What you have to do: Copy out exactly the stretch of the listing below that begins at the line containing "arc A6 (39, -25)" and ends at the line containing "line L55 (20.5, -149) -> (18.7, -149)", and copy nothing outside it.

Data provided:

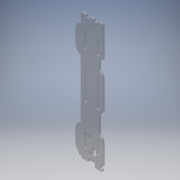
# Autodesk Inventor part: Left_wall
Saved by Autodesk Inventor 2016 (Build 200138000, 138)
## iProperties
Created: 2015-06-19
Part Number: Left_wall
Material: Generic
Document SubType Name: Modeling
Designer: Openlab
Density: 1 g/cm^3
Appearance: Polycarbonate - Clear
Author: Openlab
Autodesk Inventor part; units mm, degrees
ref_plane "YZ Plane" through (0, 0, 0) normal (1, 0, 0) x (0, 1, 0)
ref_plane "XZ Plane" through (0, 0, 0) normal (0, 1, 0) x (-1, 0, 0)
ref_plane "XY Plane" through (0, 0, 0) normal (0, 0, 1) x (1, 0, 0)
sketch "Sketch1" plane through (0, 0, 0) normal (0, 1, 0) x (-1, 0, 0)
  line L0 (26.5, -25) -> (23.5, -25)
  line L1 (26.5, -43) -> (23.5, -43)
  line L2 (26.5, -68.5) -> (23.5, -68.5)
  line L3 (26.5, -109.5) -> (23.5, -109.5)
  line L4 (8, -68.5) -> (5, -68.5)
  line L5 (8, -109.5) -> (5, -109.5)
  line L6 (8, -43) -> (5, -43)
  line L7 (8, -25) -> (5, -25)
  line L8 (23.5, -109.5) -> (23.5, -68.5)
  line L9 (23.5, -43) -> (23.5, -25)
  line L10 (8, -109.5) -> (8, -68.5)
  line L11 (8, -43) -> (8, -25)
  line L12 (8, -167) -> (8, -149)
  line L13 (26.5, -149) -> (23.5, -149)
  line L14 (8, -149) -> (5, -149)
  line L15 (23.5, -149) -> (23.5, -167)
  line L16 (23.5, -167) -> (26.5, -167)
  line L17 (5, -167) -> (8, -167)
  line L18 (20.5, -169) -> (18.7, -169)
  line L19 (18.7, -169) -> (18.7, -174)
  line L20 (18.7, -174) -> (20.5, -174)
  line L21 (20.5, -174) -> (20.5, -169)
  line L22 (15.75, -110.2512) -> (15.75, -143.2512) construction
  line L23 (26.5, -25) -> (26.5, -43)
  line L24 (26.5, -68.5) -> (26.5, -109.5)
  line L25 (26.5, -149) -> (26.5, -167)
  line L26 (5, -167) -> (5, -149)
  line L27 (5, -109.5) -> (5, -68.5)
  line L28 (5, -43) -> (5, -25)
  line L29 (12.25, -3) -> (8, -3)
  line L30 (19.25, -3) -> (19.25, 0)
  line L31 (19.25, 0) -> (12.25, 0)
  line L32 (12.25, 0) -> (12.25, -3)
  line L33 (19.25, -3) -> (23.5, -3)
  line L34 (3.5, -179) -> (3.5, -182)
  line L35 (11, -179) -> (20.5, -179)
  line L36 (20.5, -179) -> (20.5, -182)
  line L37 (20.5, -182) -> (30.3328, -182)
  line L38 (30.5, -179) -> (31.5, -179)
  line L39 (3.5, -182) -> (1.5, -182)
  line L40 (23.5, -3) -> (23.5, 0)
  line L41 (23.5, 0) -> (28.5, 0)
  line L42 (8, -3) -> (8, 0)
  line L43 (8, 0) -> (3, 0)
  line L44 (1.5, -185) -> (10.5394, -185)
  arc A0 (30.3328, -182) -> (30.5, -179) centre (3.5, -179) ccw
  arc A1 (5, -141.5838) -> (0, -149) centre (8, -149) ccw
  arc A2 (5, -61.0838) -> (0, -68.5) centre (8, -68.5) ccw
  line L45 (5, -50.4162) -> (5, -61.0838)
  line L46 (5, -116.9162) -> (5, -141.5838)
  line L47 (19.5, -129.25) -> (13.2, -129.25) construction
  arc A3 (0, -109.5) -> (5, -116.9162) centre (8, -109.5) ccw
  line L48 (0, -177.9348) -> (0, -149)
  arc A4 (0, -43) -> (5, -50.4162) centre (8, -43) ccw
  line L49 (0, -109.5) -> (0, -68.5)
  line L50 (0, -43) -> (0, -3)
  arc A5 (31.5, -54.4564) -> (39, -43) centre (26.5, -43) ccw
  line L51 (39, -25) -> (39, -43)
  arc A6 (39, -25) -> (31.5, -13.5436) centre (26.5, -25) ccw
  line L52 (31.5, -3) -> (31.5, -13.5436)
  arc A7 (39, -149) -> (31.5, -137.5436) centre (26.5, -149) ccw
  line L53 (39, -167) -> (39, -149)
  arc A8 (34, -177) -> (39, -167) centre (26.5, -167) ccw
  line L54 (31.5, -54.4564) -> (31.5, -137.5436)
  arc A9 (31.5, -3) -> (28.5, 0) centre (28.5, -3) ccw
  arc A10 (3, 0) -> (0, -3) centre (3, -3) ccw
  line L55 (20.5, -149) -> (18.7, -149)
  line L56 (18.7, -149) -> (18.7, -154)
  line L57 (18.7, -154) -> (20.5, -154)
  line L58 (20.5, -154) -> (20.5, -149)
  line L59 (15, -163) -> (10, -163)
  line L60 (10, -163) -> (10, -171)
  line L61 (10, -171) -> (15, -171)
  line L62 (15, -171) -> (15, -163)
  line L63 (12.5, -163.9683) -> (12.5, -168.686) construction
  line L64 (14.8699, -167) -> (11.7199, -167) construction
  arc A11 (10.5394, -185) -> (11, -182) centre (1, -182) ccw
  line L65 (11, -182) -> (11, -179)
  line L66 (13.5, -179) -> (13.5, -182) construction
  line L67 (13.5, -182) -> (3.5, -182) construction
  line L68 (30.5, -179) -> (30.5, -182) construction
  line L69 (30.5, -182) -> (30.3328, -182) construction
  line L70 (31.5, -179) -> (34, -179)
  line L71 (34, -179) -> (34, -177)
  line L72 (31.5, -179) -> (31.5, -174.1753) construction
  line L73 (26.5, -179) -> (26.5, -186) construction
  line L74 (26.5, -186) -> (23.5, -186) construction
  line L75 (23.5, -186) -> (23.5, -179) construction
  line L76 (30.5, -179) -> (20.5, -179) construction
  line L77 (3.5, -179) -> (0, -177.9348)
  line L78 (1, -182.5) -> (1, -184.5)
  arc A12 (1.5, -182) -> (1, -182.5) centre (1.5, -182.5) ccw
  arc A13 (1, -184.5) -> (1.5, -185) centre (1.5, -184.5) ccw
  point P0 (0, 0)
  point P1 (1, -185)
  point P2 (1, -182)
  dimension "d7" = 18
  dimension "d8" = 25.5
  dimension "d9" = 41
  dimension "d39" = 18
  dimension "d45" = 5
  dimension "d56" = 3
  dimension "d61" = 39.5
  dimension "d62" = 15.5
  dimension "d64" = 12
  dimension "d65" = 7
  dimension "d74" = 176
  dimension "d75" = 15.5
  dimension "d85" = 10
  dimension "d90" = 5
  dimension "d92" = 25
  dimension "d104" = 6
  dimension "d105" = 5
  dimension "d106" = 1.8
  dimension "d107" = 3
  dimension "d108" = 15
  dimension "d110" = 8
  dimension "d111" = 5
  dimension "d112" = 8
  dimension "d113" = 12
  dimension "d114" = 7
  dimension "d115" = 10
  dimension "d116" = 3
  dimension "d121" = 2.5
  dimension "d122" = 25
  dimension "d123" = 7
  dimension "d124" = 10
  dimension "d125" = 2.5
  dimension "d126" = 2.5
  dimension "d127" = 0.5
  constraints: 159 end point, 28 point on circle, 26 collinear, 23 tangent, 22 point on line, 14 centre point, 14 perpendicular, 14 vertical, 9 equal length, 8 horizontal, 7 coincident, 7 parallel, 5 equal radius, 8 other
  measures "d7" distance between parallel lines of L1 L0
  measures "d8" distance between parallel lines of L2 L1
  measures "d9" distance between parallel lines of L3 L2
  measures "d39" distance of L13.end L15.end
  measures "d45" distance of L20.end L18.start
  measures "d56" distance of L0.start L0.end
  measures "d61" distance between parallel lines of L3 L13
  measures "d62" distance between parallel lines of L10 L8
  measures "d64" distance between parallel lines of L16 L38
  measures "d65" distance of L30.end L31.end
  measures "d74" distance between parallel lines of L38 L33
  measures "d75" distance between parallel lines of L42 L40
  measures "d85" distance from line of L38.start L36
  measures "d90" distance between parallel lines of L48 L26
  measures "d92" diameter of A5
  measures "d104" diameter of A9
  measures "d105" distance between parallel lines of L20 L35
  measures "d106" distance of L55.start L55.end
  measures "d107" distance between parallel lines of L58 L15
  measures "d108" distance between parallel lines of L18 L57
  measures "d110" distance of L59.end L60.end
  measures "d111" distance of L59.start L59.end
  measures "d112" distance between parallel lines of L63 L21
  measures "d113" distance between parallel lines of L35 L64
  measures "d114" distance between parallel lines of L66 L36
  measures "d115" distance between parallel lines of L34 L66
  measures "d116" distance between parallel lines of L39 L44
  measures "d121" distance of L38.end L70.end
  measures "d122" distance between parallel lines of L0 L41
  measures "d123" distance of L73.start L73.end
  measures "d124" distance between parallel lines of L78 L65
  measures "d125" distance between parallel lines of L65 L66
  measures "d126" distance of L34.end point (1, -182)
  measures "d127" radius of A12
extrude "Extrusion3" add sketch "Sketch1" along normal blind 3
body "Solid3"

Reply:
  arc A6 (39, -25) -> (31.5, -13.5436) centre (26.5, -25) ccw
  line L52 (31.5, -3) -> (31.5, -13.5436)
  arc A7 (39, -149) -> (31.5, -137.5436) centre (26.5, -149) ccw
  line L53 (39, -167) -> (39, -149)
  arc A8 (34, -177) -> (39, -167) centre (26.5, -167) ccw
  line L54 (31.5, -54.4564) -> (31.5, -137.5436)
  arc A9 (31.5, -3) -> (28.5, 0) centre (28.5, -3) ccw
  arc A10 (3, 0) -> (0, -3) centre (3, -3) ccw
  line L55 (20.5, -149) -> (18.7, -149)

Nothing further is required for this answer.